Jul 24, 2018

A Tragic Reality in Japan

So I came across this flyer posted outside the local supermarket today:

A Tragic Reality in Japan photo

Have you seen anything like this in your neck of the woods? I’ve blacked out the personal details from it, but it’s a missing person flyer. 

Back in the States, I regret to say I’m used to seeing these for missing children, but in this case, it’s for a missing old person. The individual, aged 80, hasn’t been seen and folks are trying to track him down.

The tragic reality is that this situation is likely to increase in Japan, especially in rural communities. Allow me to explain why.

Aging Population

The greying of Japanese society is well documented. With a birthrate of 1.4 and aversion to immigration, Japan is facing a situation where elderly people will become the majority, and the country is not prepared for that. A few reasons why are highlighted below.

Movement to the cities

This issue is especially relevant to rural areas like my home here in Niigata. The standard used to be that at least one child would take over the family home and provide care for the parents until they passed. However, the combination of folks having fewer kids and those kids moving to the cities leaves many elderly alone in their homes. With no one to watch out for them, situations where folks become lost, disoriented, or worse due to lack of caretaking is only going to increase over time.

Expense & shortage of nursing homes

One solution to an absence of family caretakers is to place elderly folks into nursing homes—at least it would be if there were enough to do so and they weren’t so expensive. Most nursing homes here have untenably long waiting lists, and for most Japanese, the costs are prohibitive. That means the government is likely going to have to step in, but it does not have the budget or manpower to succeed in producing enough nursing homes to care for the number of elderly that will soon need it.

So what’s the solution? From my vantage point, there are two. 

First is immigration for medical staff to fill nursing homes.

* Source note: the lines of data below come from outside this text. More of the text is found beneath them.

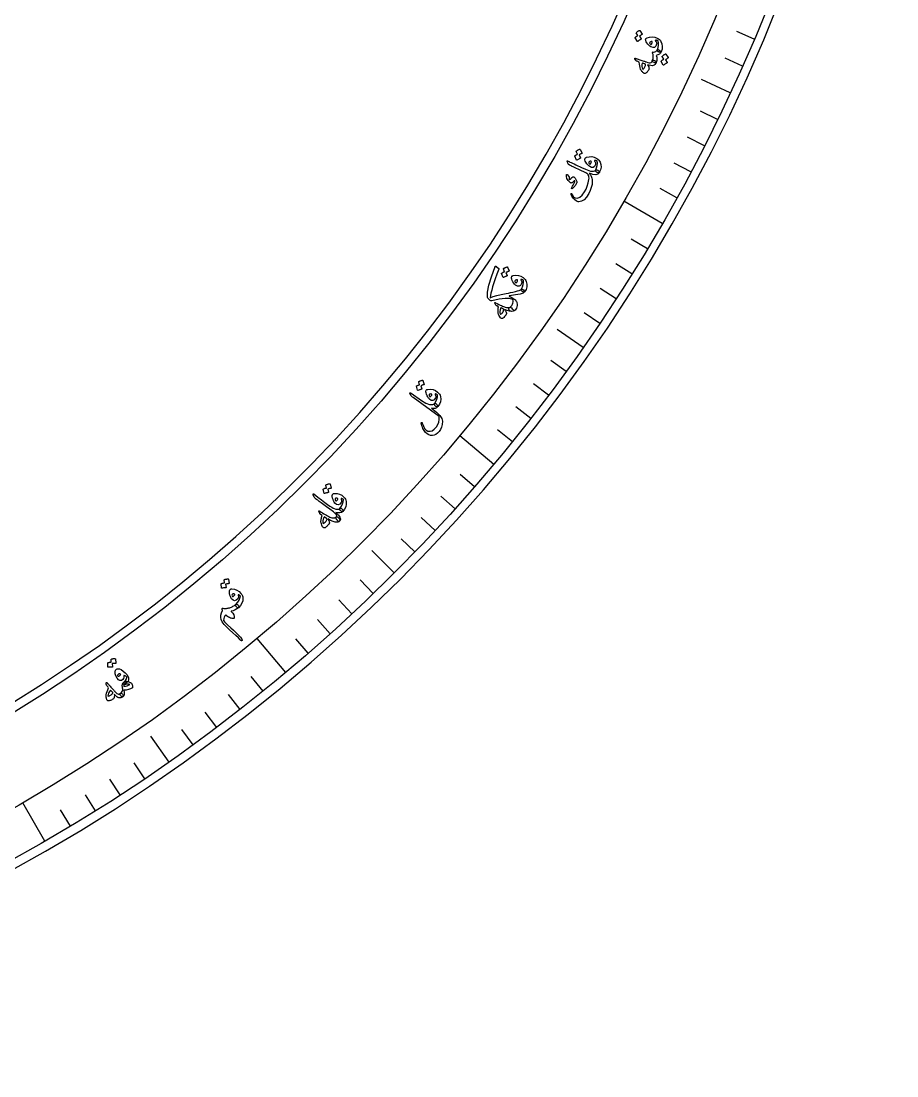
# Model space of a CAD drawing. Header units: millimetres. Extents: x -81 to 81, y -80 to 113.
# Drawn here: x 38.9 to 80.5, y -80.5 to -30.4 of the extents above; entities that cross this region are included whole.
import ezdxf

# ---------------------------------------------------------------- set-up
doc = ezdxf.new("R2010")
doc.units = ezdxf.units.MM
for name, color, linetype in [('CUT_INNER', 6, 'Continuous'), ('CUT_OUTER', 1, 'Continuous'), ('ENGRAVE', 7, 'Continuous'), ('ENGRAVE_FINE', 8, 'Continuous'), ('TEXT', 5, 'Continuous')]:
    doc.layers.add(name, color=color, linetype=linetype)

msp = doc.modelspace()

# ---------------------------------------------------------------- linework, layer by layer
at = {"layer": 'CUT_INNER'}
msp.add_arc((0, -0.0002), 73.6574, 92.270063, 344.882979, dxfattribs=at)
at = {"layer": 'CUT_OUTER'}
msp.add_arc((0, 0), 80.5, 180, 0, dxfattribs=at)
at = {"layer": 'ENGRAVE'}
for points in [[(72.5857, -33.8473), (71.2214, -33.2111)], [(69.3595, -40.0447), (67.5344, -38.991)], [(65.6054, -45.9374), (64.3723, -45.074)], [(61.3521, -51.4805), (59.7376, -50.1258)], [(56.6318, -56.6318), (55.5674, -55.5674)], [(51.4805, -61.3521), (50.1258, -59.7376)], [(45.9374, -65.6054), (45.074, -64.3723)], [(40.0447, -69.3595), (38.991, -67.5344)]]:
    msp.add_lwpolyline(points, dxfattribs=at)
for radius in [80.0894, 77.982, 74.068]:
    msp.add_circle((0, 0), radius, dxfattribs=at)
at = {"layer": 'ENGRAVE_FINE'}
for points in [[(73.7227, -31.2934), (72.8913, -30.9405)], [(73.1654, -32.5753), (72.3402, -32.2079)], [(71.9839, -35.1089), (71.1721, -34.713)], [(71.3602, -36.3598), (70.5555, -35.9498)], [(70.7148, -37.5997), (69.9173, -37.1757)], [(70.0478, -38.8281), (69.2578, -38.3903)], [(68.6501, -41.2491), (67.8759, -40.7839)], [(67.9197, -42.4409), (67.1537, -41.9623)], [(67.1687, -43.6198), (66.4112, -43.1279)], [(66.3972, -44.7855), (65.6484, -44.2804)], [(64.7937, -47.0754), (64.063, -46.5445)], [(63.9623, -48.199), (63.2409, -47.6555)], [(63.1113, -49.308), (62.3996, -48.7519)], [(62.2412, -50.4019), (61.5393, -49.8335)], [(60.4443, -52.5434), (59.7626, -51.9508)], [(59.5181, -53.5903), (58.8468, -52.9859)], [(58.5737, -54.6209), (57.9131, -54.0049)], [(57.6115, -55.6348), (56.9618, -55.0074)], [(55.6348, -57.6115), (55.0074, -56.9618)], [(54.6209, -58.5737), (54.0049, -57.9131)], [(53.5903, -59.5181), (52.9859, -58.8468)], [(52.5434, -60.4443), (51.9508, -59.7626)], [(50.4019, -62.2412), (49.8335, -61.5393)], [(49.308, -63.1113), (48.7519, -62.3996)], [(48.199, -63.9623), (47.6555, -63.2409)], [(47.0754, -64.7937), (46.5445, -64.063)], [(44.7855, -66.3972), (44.2804, -65.6484)], [(43.6198, -67.1687), (43.1279, -66.4112)], [(42.4409, -67.9197), (41.9623, -67.1537)], [(41.2491, -68.6501), (40.7839, -67.8759)]]:
    msp.add_lwpolyline(points, dxfattribs=at)
at = {"layer": 'TEXT'}
for points in [[(68.1242, -31.0047), (68.1228, -31.001), (68.1228, -30.9968), (68.1244, -30.992), (68.1274, -30.9867), (68.1441, -30.9702), (68.1611, -30.9547), (68.1787, -30.9402), (68.1967, -30.9267), (68.2154, -30.914), (68.235, -30.9022), (68.2554, -30.8913), (68.2767, -30.8811), (68.2823, -30.8799), (68.2875, -30.8805), (68.292, -30.883), (68.2961, -30.8875), (68.4078, -31.0554), (68.4086, -31.059), (68.4069, -31.063), (68.4024, -31.0672), (68.3954, -31.0718), (68.3896, -31.0746), (68.3811, -31.0794), (68.37, -31.0864), (68.3562, -31.0956), (68.3395, -31.107), (68.3197, -31.1206), (68.2969, -31.1366), (68.2711, -31.1548), (68.3567, -31.287), (68.3588, -31.2922), (68.3576, -31.2972), (68.3531, -31.3019), (68.3453, -31.3063), (68.3386, -31.3102), (68.3284, -31.3164), (68.3146, -31.3249), (68.2972, -31.3358), (68.2761, -31.3493), (68.2513, -31.3656), (68.2226, -31.3848), (68.1902, -31.4068), (68.1857, -31.4085), (68.182, -31.4085), (68.1791, -31.4067), (68.177, -31.4032), (68.0732, -31.2355), (68.0718, -31.2318), (68.0719, -31.2275), (68.0735, -31.2227), (68.0765, -31.2174), (68.0898, -31.2031), (68.1038, -31.1896), (68.1185, -31.1771), (68.1338, -31.1654), (68.1496, -31.1546), (68.1659, -31.1446), (68.1825, -31.1354), (68.1996, -31.127)], [(68.572, -31.2871), (68.5804, -31.2741), (68.5936, -31.2614), (68.6116, -31.249), (68.6344, -31.2369), (68.7559, -31.1961), (68.8772, -31.1841), (68.9983, -31.2012), (69.1192, -31.2474), (69.1776, -31.2814), (69.2265, -31.3188), (69.2658, -31.3596), (69.2955, -31.4039), (69.3431, -31.5255), (69.3599, -31.6498), (69.346, -31.7767), (69.3012, -31.906), (69.2926, -31.9172), (69.2788, -31.9238), (69.26, -31.9259), (69.2362, -31.9234), (69.2236, -31.9208), (69.2112, -31.9172), (69.1989, -31.9125), (69.1868, -31.9069), (69.1751, -31.9006), (69.1641, -31.8942), (69.1538, -31.8877), (69.1442, -31.881), (69.1286, -31.8671), (69.1189, -31.8526), (69.1151, -31.8373), (69.1172, -31.8213), (69.1563, -31.6936), (69.1741, -31.5755), (69.1707, -31.4671), (69.146, -31.3683), (69.1156, -31.3587), (69.0907, -31.3525), (69.0714, -31.3497), (69.0577, -31.3504), (69.0449, -31.353), (69.0357, -31.3566), (69.0301, -31.3611), (69.028, -31.3667), (69.0276, -31.3709), (69.0281, -31.3747), (69.0294, -31.3779), (69.0316, -31.3806), (69.0631, -31.4187), (69.0833, -31.4573), (69.0921, -31.4963), (69.0896, -31.5357), (69.0526, -31.6366), (68.9954, -31.6914), (68.9182, -31.7001), (68.8209, -31.6626), (68.7705, -31.6295), (68.7217, -31.5874), (68.6747, -31.5361), (68.6293, -31.4758), (68.5931, -31.4177), (68.5714, -31.3668), (68.5644, -31.3233), (68.572, -31.2871)], [(68.7624, -31.4554), (68.7589, -31.4783), (68.7668, -31.5013), (68.7862, -31.5242), (68.817, -31.5471), (68.8224, -31.5494), (68.8264, -31.5508), (68.829, -31.5512), (68.8302, -31.5507), (68.8446, -31.5324), (68.8568, -31.5128), (68.8669, -31.4919), (68.8747, -31.4697), (68.8793, -31.4491), (68.8806, -31.4311), (68.8786, -31.4155), (68.8733, -31.4024), (68.8299, -31.4104), (68.7969, -31.4219), (68.7744, -31.4369), (68.7624, -31.4554)], [(69.1172, -31.8213), (69.1299, -31.8074), (69.1409, -31.798), (69.1501, -31.7931), (69.1576, -31.7927), (69.1675, -31.7954), (69.179, -31.8), (69.1921, -31.8067), (69.2067, -31.8153), (69.2523, -31.8457), (69.2833, -31.871), (69.2996, -31.8911), (69.3012, -31.906), (69.2679, -31.958), (69.2189, -32.0026), (69.1543, -32.04), (69.0741, -32.0701), (69.0994, -32.1461), (69.107, -32.2276), (69.0966, -32.3146), (69.0684, -32.407), (69.0621, -32.4154), (69.0528, -32.4203), (69.0406, -32.4216), (69.0253, -32.4192), (68.9321, -32.3954), (68.9217, -32.3927), (68.9117, -32.3871), (68.9022, -32.3786), (68.8931, -32.3671), (68.8871, -32.356), (68.8838, -32.3446), (68.8831, -32.3329), (68.885, -32.3209), (68.918, -32.2105), (68.9301, -32.1128), (68.9212, -32.0278), (68.8915, -31.9555), (68.8869, -31.9466), (68.8849, -31.9376), (68.8854, -31.9285), (68.8884, -31.9193), (68.8933, -31.9118), (68.8994, -31.9077), (68.9067, -31.9069), (68.9153, -31.9095), (68.9231, -31.9128), (68.9301, -31.9151), (68.9363, -31.9164), (68.9417, -31.9167), (68.9989, -31.9014), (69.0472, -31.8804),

This is a stop gap measure though, because the government can only subsidize so many nurses and doctors. 

Second is getting folks out of the big cities. Japan’s tendency to put all of its eggs in a few baskets is dangerous, not just because a disaster in the wrong place could cripple the country, but because city living has eroded family life in Japan. 

Japan needs to encourage folks to move back to the furusato, and it wouldn’t be so difficult. I’ll explain my master plan in a future blog post when I have the time!

Until then, I encourage you all the support the elderly folks in your neighborhoods. Give them some care and consideration—you never know the difference you can make!



Hitting the books once again as a Ph.D. student in Niigata Prefecture. Although I've lived in Japan many years, life as a student in this country is a first.

Blessed Dad. Lucky Husband. Happy Gaijin (most of the time).

1 Comment

  • Candiajia1

    on Jul 24

    This is such a thoughtful post. I always like the idea of being neighborly especially to the elderly. As is the case with mostly every country, I always wonder why governments NEVER try and make the necessary arrangements to ensure certain facilities and amenities and opportunities that are in abundance in urban areas be present and available in rural areas. One just needs to look at and carefully analyze the push and pull factors between urban and rural areas to recognize what must be done in order for communities to become stabilized.